In der Lösungserwartung zur abschließenden Stellungnahme sind die Aspekte, mit denen Safranskis Sicht relativiert werden kann, gesucht (= an den Haaren herbeigezogen): Dass Wurm etwa eine bestimmte dramaturgische Funktion hat oder dass es im Hause Miller moralisch streng zugeht, spricht doch nicht gegen Safranksis Sicht!

Streng genommen müsste man bei Safranskis Sicht drei Aspekte unterscheiden:

  • dass Wurm das böse Prinzip verkörpert (darüber könnte man eine Doktorarbeit schreiben),
  • dass er andere Menschen instrumentell zu benutzen weiß,
  • dass diese Fähigkeit auf der Kenntnis des Unfreien in den Personen beruht.

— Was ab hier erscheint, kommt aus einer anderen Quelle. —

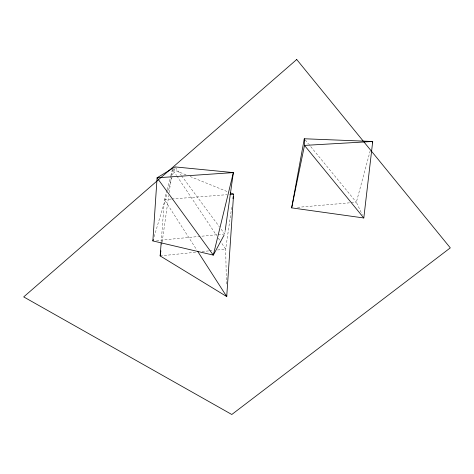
<?xml version="1.0" encoding="UTF-8"?>
<svg xmlns="http://www.w3.org/2000/svg" width="474" height="474" viewBox="0 0 474 474"><rect width="100%" height="100%" fill="white"/><g stroke="black" fill="none" stroke-linecap="round" stroke-linejoin="round"><path stroke-width="0.36" stroke-dasharray="2.37 1.78" d="M161.213 242.018L164.419 199.578L166.848 190.435M161.717 245.005L162.025 242.824M162.126 242.096L168.738 195.525M169.153 192.61L171.422 176.606M171.523 175.878L172.352 170.053M218.111 234.624L224.706 233.99L225.12 231.069M231.697 207.357L225.665 249.14L226.448 284.157M167.038 189.73L170.587 176.364M170.77 175.658L172.269 170.03M370.212 150.779L356.347 202.238L362.255 214.704M154.133 236.692L167.002 193.694M167.843 190.874L174.592 168.317M160.165 255.919L196.23 252.186M202.114 251.576L208.738 250.894M209.478 250.817L213.158 250.432M217.572 249.976L225.665 249.14L220.345 241.159M156.533 240.567L217.376 234.695M297.542 207.357L350.47 202.748M351.204 202.688L356.347 202.238L308.977 144.481M171.043 199.062L164.419 199.578L196.769 249.934M171.778 199.003L226.981 194.678M186.045 174.847L172.453 169.325L176.547 175.469M190.121 176.5L227.49 191.68M305.226 139.907L308.509 143.912M175.451 167.5L181.169 175.22M181.607 175.813L219.426 226.868M221.186 229.238L224.706 233.99M176.956 176.079L216.659 235.631M218.301 238.09L219.936 240.543"/><path stroke-width="0.71" d="M224.012 235.27L213.306 255.113L152.871 240.922L157.078 177.803L175.013 166.907L233.368 172.595L225.221 230.334M230.204 192.782L233.605 194.162L226.726 296.564L160.165 255.919L161.16 242.753M363.807 217.981L372.718 141.483L304.29 138.763L291.664 207.873L363.807 217.981L304.486 145.405L304.29 138.763M160.165 255.919L160.473 253.738M160.68 252.281L160.887 250.829M232.965 198.559L233.285 196.36M291.664 207.873L304.486 145.405L372.718 141.483L372.333 142.917M152.871 240.922L153.292 239.512M229.926 194.453L233.605 194.162M197.569 251.179L226.726 296.564L226.691 295.101M233.368 172.595L213.306 255.113L157.078 177.803L233.368 172.595M296.718 59.505L23.7 296.908L231.798 414.495L450.3 247.872L296.718 59.505"/></g></svg>

Das ergäbe dann eine differenzierte Diskussion; wenn man jedoch wie die Lösungserwartung Safranskis Sicht pauschal als Einheit begreift, kann man sie kaum ablehnen. Man hat für die Lösungserwartung lediglich nach dem Schema pro/contra (vergeblich, aber „mit Erfolg“) relativierende Aspekte gesucht.